Dopo l’ultima seduta del Consiglio provinciale, la senatrice Annamaria Fallucchi interviene sui social con un appello alla responsabilità politica.
Dopo una seduta del Consiglio provinciale particolarmente accesa e le polemiche che ne sono seguite, la senatrice Annamaria Fallucchi (FdI) interviene, affidando ai social un messaggio, chiaro e diretto, rivolto alle forze politiche locali: «Il bene della Provincia prima di tutto: basta giochi di potere, servono scelte responsabili».

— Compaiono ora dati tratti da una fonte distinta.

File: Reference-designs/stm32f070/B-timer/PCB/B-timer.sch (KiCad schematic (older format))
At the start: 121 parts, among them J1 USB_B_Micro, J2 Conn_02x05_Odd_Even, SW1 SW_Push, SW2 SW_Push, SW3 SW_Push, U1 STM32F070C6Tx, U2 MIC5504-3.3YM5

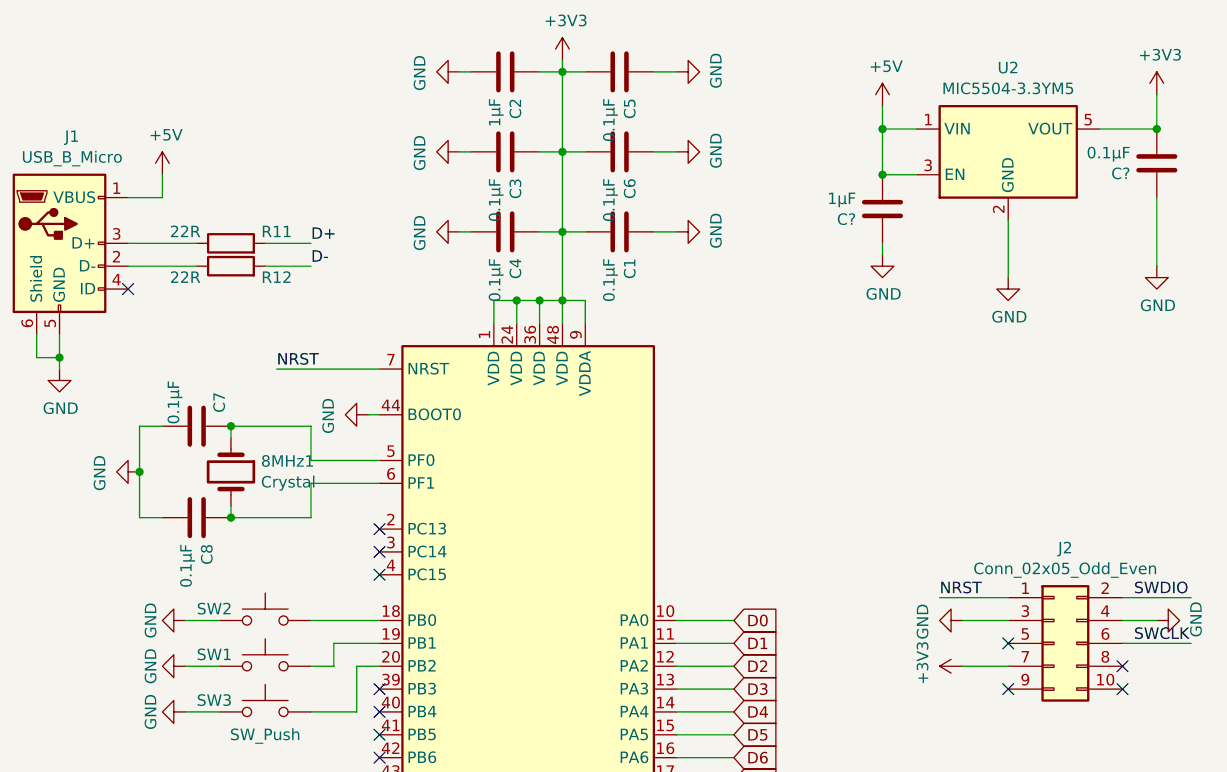
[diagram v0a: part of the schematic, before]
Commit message: Generated code for B-timer V2
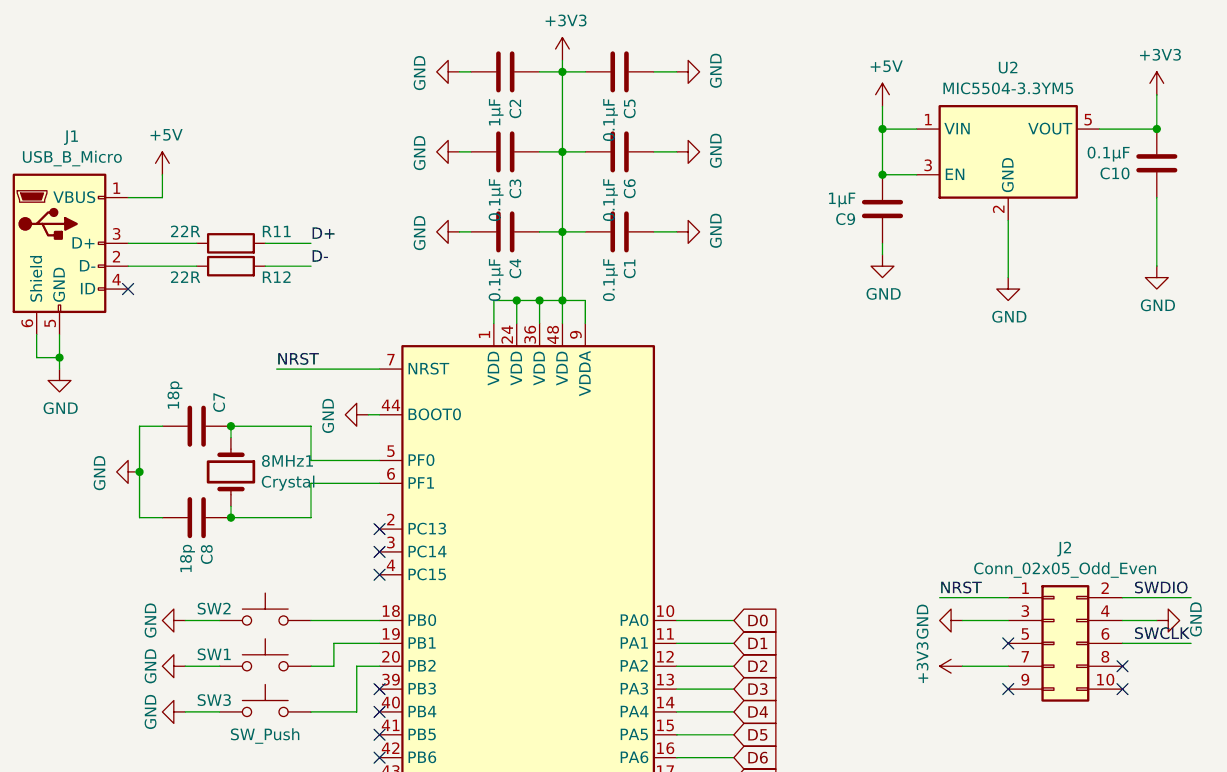
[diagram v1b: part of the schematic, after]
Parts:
- 8MHz1: MPN (none) -> FC4SDCBMF8.0-T1
- C7, C8: value 0.1µF -> 18p
- J2: MPN (none) -> 0015912100
- U2: MPN (none) -> MIC5501-3.0YM5-TR
- gave numbers to parts that had none: 2
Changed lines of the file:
@@
 F 2 "Package_TO_SOT_SMD:SOT-23-5" H 10100 1300 50  0001 C CNN
 F 3 "http://ww1.microchip.com/downloads/en/DeviceDoc/MIC550X.pdf" H 9850 1950 50  0001 C CNN
+F 4 "MIC5501-3.0YM5-TR" H 10100 1700 50  0001 C CNN "MPN"
 	1    10100 1700
 	1    0    0    -1
@@
 F 2 "Crystal:Crystal_SMD_HC49-SD" H 6700 3100 50  0001 C CNN
 F 3 "~" H 6700 3100 50  0001 C CNN
+F 4 "FC4SDCBMF8.0-T1" V 6700 3100 50  0001 C CNN "MPN"
 	1    6700 3100
 	0    1    1    0
@@
 P 6550 2900
 F 0 "C7" H 6400 3000 50  0000 L CNN
-F 1 "0.1µF" H 6350 2800 50  0000 L CNN
+F 1 "18p" H 6350 2800 50  0000 L CNN
 F 2 "Capacitor_SMD:C_0402_1005Metric" H 6588 2750 50  0001 C CNN
 F 3 "~" H 6550 2900 50  0001 C CNN
@@
 P 6550 3300
 F 0 "C8" H 6665 3346 50  0000 L CNN
-F 1 "0.1µF" H 6665 3255 50  0000 L CNN
+F 1 "18p" H 6665 3255 50  0000 L CNN
 F 2 "Capacitor_SMD:C_0402_1005Metric" H 6588 3150 50  0001 C CNN
 F 3 "~" H 6550 3300 50  0001 C CNN
@@
 F 2 "Connector_PinHeader_2.54mm:PinHeader_2x05_P2.54mm_Vertical_SMD" H 10300 3850 50  0001 C CNN
 F 3 "~" H 10300 3850 50  0001 C CNN
+F 4 "0015912100" H 10300 3850 50  0001 C CNN "MPN"
 	1    10300 3850
 	1    0    0    -1
@@
 	8150 1300 8150 1350
 $Comp
-L Device:C C?
+L Device:C C9
 U 1 1 5EB2BE10
 P 9550 1950
-F 0 "C?" H 9665 1996 50  0000 L CNN
+F 0 "C9" H 9665 1996 50  0000 L CNN
 F 1 "1µF" H 9665 1905 50  0000 L CNN
 F 2 "Capacitor_SMD:C_0402_1005Metric" H 9588 1800 50  0001 C CNN
@@
 Connection ~ 9550 1800
 $Comp
-L power:GND #PWR?
+L power:GND #PWR02
 U 1 1 5EB2C0B0
 P 9550 2150
-F 0 "#PWR?" H 9550 1900 50  0001 C CNN
+F 0 "#PWR02" H 9550 1900 50  0001 C CNN
 F 1 "GND" H 9555 1977 50  0000 C CNN
 F 2 "" H 9550 2150 50  0001 C CNN
@@
 	9550 2100 9550 2150
 $Comp
-L Device:C C?
+L Device:C C10
 U 1 1 5EB7B655
 P 10750 1750
-F 0 "C?" H 10865 1796 50  0000 L CNN
+F 0 "C10" H 10865 1796 50  0000 L CNN
 F 1 "0.1µF" H 10865 1705 50  0000 L CNN
 F 2 "Capacitor_SMD:C_0402_1005Metric" H 10788 1600 50  0001 C CNN
@@
 Connection ~ 10750 1600
 $Comp
-L power:GND #PWR?
+L power:GND #PWR04
 U 1 1 5EB7B7FE
 P 10750 2200
-F 0 "#PWR?" H 10750 1950 50  0001 C CNN
+F 0 "#PWR04" H 10750 1950 50  0001 C CNN
 F 1 "GND" H 10755 2027 50  0000 C CNN
 F 2 "" H 10750 2200 50  0001 C CNN

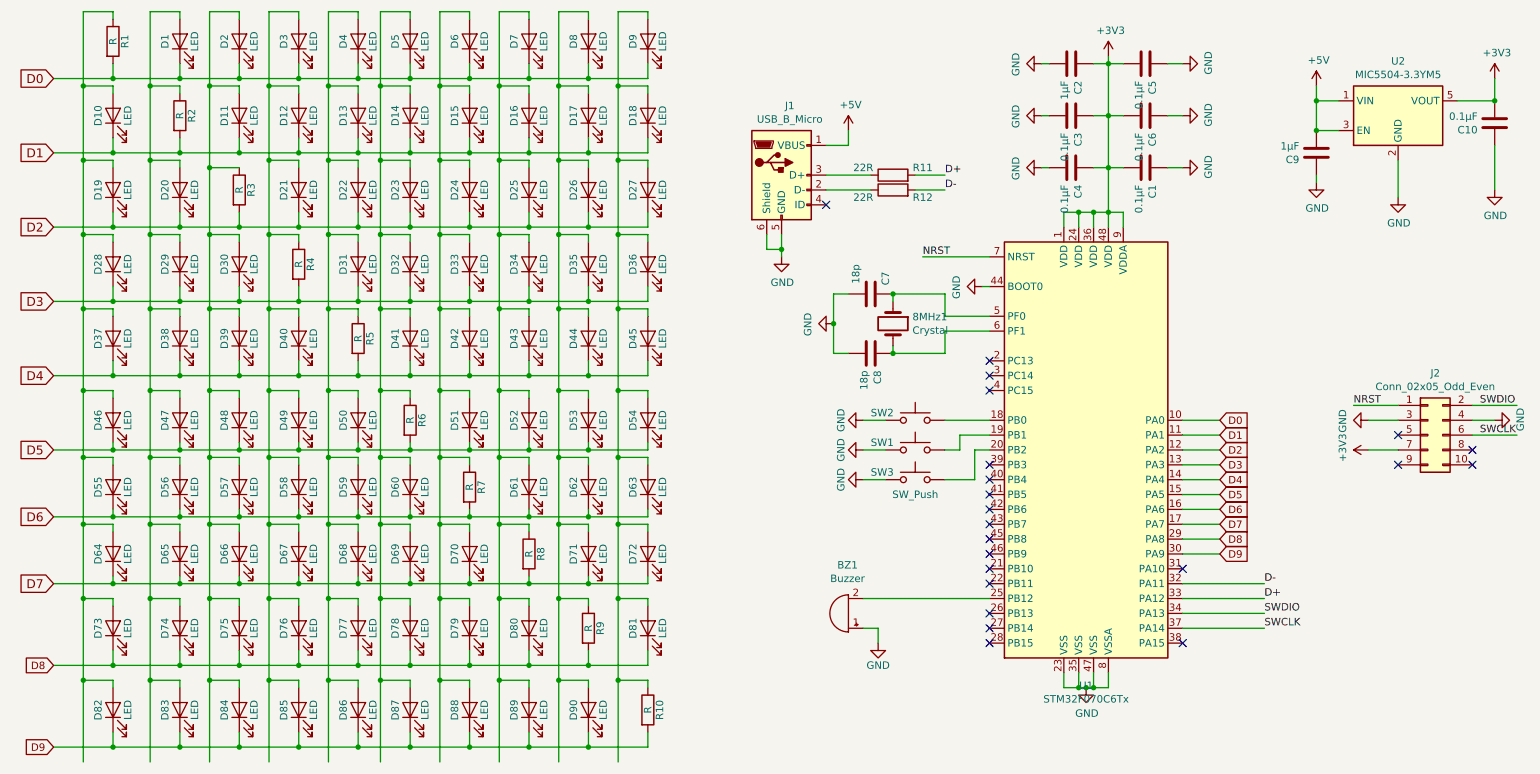
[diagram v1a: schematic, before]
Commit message: Adjusted 68R and 18pF values and regenerated kicad_pcb file
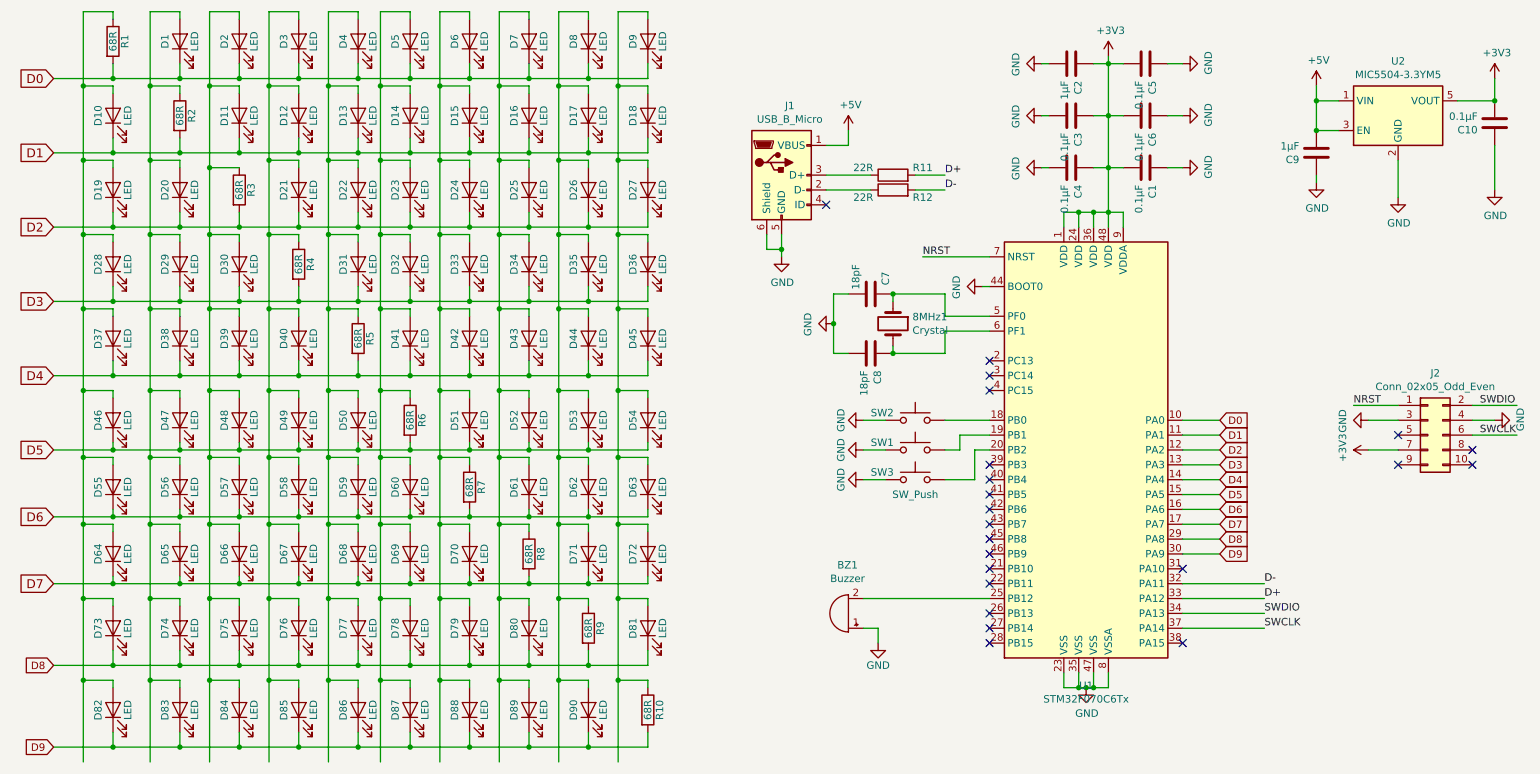
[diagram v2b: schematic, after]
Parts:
- C7, C8: value 18p -> 18pF
- R1, R10, R2, R3, R4, R5, R6, R7, R8, R9: value R -> 68R
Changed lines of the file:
@@
 P 1450 1200
 F 0 "R1" V 1530 1200 50  0000 C CNN
-F 1 "R" V 1450 1200 50  0000 C CNN
+F 1 "68R" V 1450 1200 50  0000 C CNN
 F 2 "Resistors_SMD:R_0402" V 1380 1200 50  0001 C CNN
 F 3 "" H 1450 1200 50  0000 C CNN
@@
 P 1900 1700
 F 0 "R2" V 1980 1700 50  0000 C CNN
-F 1 "R" V 1900 1700 50  0000 C CNN
+F 1 "68R" V 1900 1700 50  0000 C CNN
 F 2 "Resistors_SMD:R_0402" V 1830 1700 50  0001 C CNN
 F 3 "" H 1900 1700 50  0000 C CNN
@@
 P 2300 2200
 F 0 "R3" V 2380 2200 50  0000 C CNN
-F 1 "R" V 2300 2200 50  0000 C CNN
+F 1 "68R" V 2300 2200 50  0000 C CNN
 F 2 "Resistors_SMD:R_0402" V 2230 2200 50  0001 C CNN
 F 3 "" H 2300 2200 50  0000 C CNN
@@
 P 2700 2700
 F 0 "R4" V 2780 2700 50  0000 C CNN
-F 1 "R" V 2700 2700 50  0000 C CNN
+F 1 "68R" V 2700 2700 50  0000 C CNN
 F 2 "Resistors_SMD:R_0402" V 2630 2700 50  0001 C CNN
 F 3 "" H 2700 2700 50  0000 C CNN
@@
 P 3100 3200
 F 0 "R5" V 3180 3200 50  0000 C CNN
-F 1 "R" V 3100 3200 50  0000 C CNN
+F 1 "68R" V 3100 3200 50  0000 C CNN
 F 2 "Resistors_SMD:R_0402" V 3030 3200 50  0001 C CNN
 F 3 "" H 3100 3200 50  0000 C CNN
@@
 P 3450 3750
 F 0 "R6" V 3530 3750 50  0000 C CNN
-F 1 "R" V 3450 3750 50  0000 C CNN
+F 1 "68R" V 3450 3750 50  0000 C CNN
 F 2 "Resistors_SMD:R_0402" V 3380 3750 50  0001 C CNN
 F 3 "" H 3450 3750 50  0000 C CNN
@@
 P 3850 4200
 F 0 "R7" V 3930 4200 50  0000 C CNN
-F 1 "R" V 3850 4200 50  0000 C CNN
+F 1 "68R" V 3850 4200 50  0000 C CNN
 F 2 "Resistors_SMD:R_0402" V 3780 4200 50  0001 C CNN
 F 3 "" H 3850 4200 50  0000 C CNN
@@
 P 4250 4650
 F 0 "R8" V 4330 4650 50  0000 C CNN
-F 1 "R" V 4250 4650 50  0000 C CNN
+F 1 "68R" V 4250 4650 50  0000 C CNN
 F 2 "Resistors_SMD:R_0402" V 4180 4650 50  0001 C CNN
 F 3 "" H 4250 4650 50  0000 C CNN
@@
 P 4650 5150
 F 0 "R9" V 4730 5150 50  0000 C CNN
-F 1 "R" V 4650 5150 50  0000 C CNN
+F 1 "68R" V 4650 5150 50  0000 C CNN
 F 2 "Resistors_SMD:R_0402" V 4580 5150 50  0001 C CNN
 F 3 "" H 4650 5150 50  0000 C CNN
@@
 P 5050 5700
 F 0 "R10" V 5130 5700 50  0000 C CNN
-F 1 "R" V 5050 5700 50  0000 C CNN
+F 1 "68R" V 5050 5700 50  0000 C CNN
 F 2 "Resistors_SMD:R_0402" V 4980 5700 50  0001 C CNN
 F 3 "" H 5050 5700 50  0000 C CNN
@@
 P 6550 2900
 F 0 "C7" H 6400 3000 50  0000 L CNN
-F 1 "18p" H 6350 2800 50  0000 L CNN
+F 1 "18pF" H 6350 2800 50  0000 L CNN
 F 2 "Capacitor_SMD:C_0402_1005Metric" H 6588 2750 50  0001 C CNN
 F 3 "~" H 6550 2900 50  0001 C CNN
@@
 P 6550 3300
 F 0 "C8" H 6665 3346 50  0000 L CNN
-F 1 "18p" H 6665 3255 50  0000 L CNN
+F 1 "18pF" H 6665 3255 50  0000 L CNN
 F 2 "Capacitor_SMD:C_0402_1005Metric" H 6588 3150 50  0001 C CNN
 F 3 "~" H 6550 3300 50  0001 C CNN

Un appello che arriva in un momento di forte tensione tra le componenti del centrodestra e quelle della maggioranza che sostiene l’attuale presidente della Provincia, Giuseppe Nobiletti. La senatrice non risparmia critiche, pur sottolineando la volontà di analizzare «lucidamente» quanto sta accadendo.
«La mia non è una critica, ma un’analisi lucida dei fatti. Non dimentichiamo che l’attuale governo provinciale è stato eletto grazie a una lista “civetta” di centrodestra, sottoscritta per oltre il 70% da iscritti tra PD e Movimento 5 Stelle, pur di far perdere il cdx, quello vero!» scrive Fallucchi, ricordando come – a suo dire – le manovre politiche dell’epoca abbiano favorito la spaccatura del fronte moderato.
Un’accusa che si lega direttamente alla fase di stallo amministrativo che la Provincia starebbe vivendo: «Oggi, purtroppo, stiamo assistendo a uno spettacolo indegno — ed è bene ricordare che siete stati voi stessi a favorire questa situazione, pur di ostacolare la rielezione di Nicola Gatta a Presidente della Provincia e agevolare quella di Giuseppe Nobiletti. “Intelligenti pauca”».
Toni severi, ma accompagnati da un invito al pragmatismo: «Noi non avremmo mai scelto strategie così di bassa leva, tanto più quando a pagarne il prezzo è una provincia che ha urgente bisogno di essere operativa e concreta».
Infine, la senatrice rivolge un appello trasversale a tutte le forze politiche rappresentate in Consiglio: «Oggi, con senso di responsabilità, vi chiedo io di sostenere l’amministrazione attuale, non per opportunismo politico, ma per evitare di perdere fondi essenziali destinati alla realizzazione di opere strategiche — risorse che, se non utilizzate in tempo, andrebbero irrimediabilmente perdute».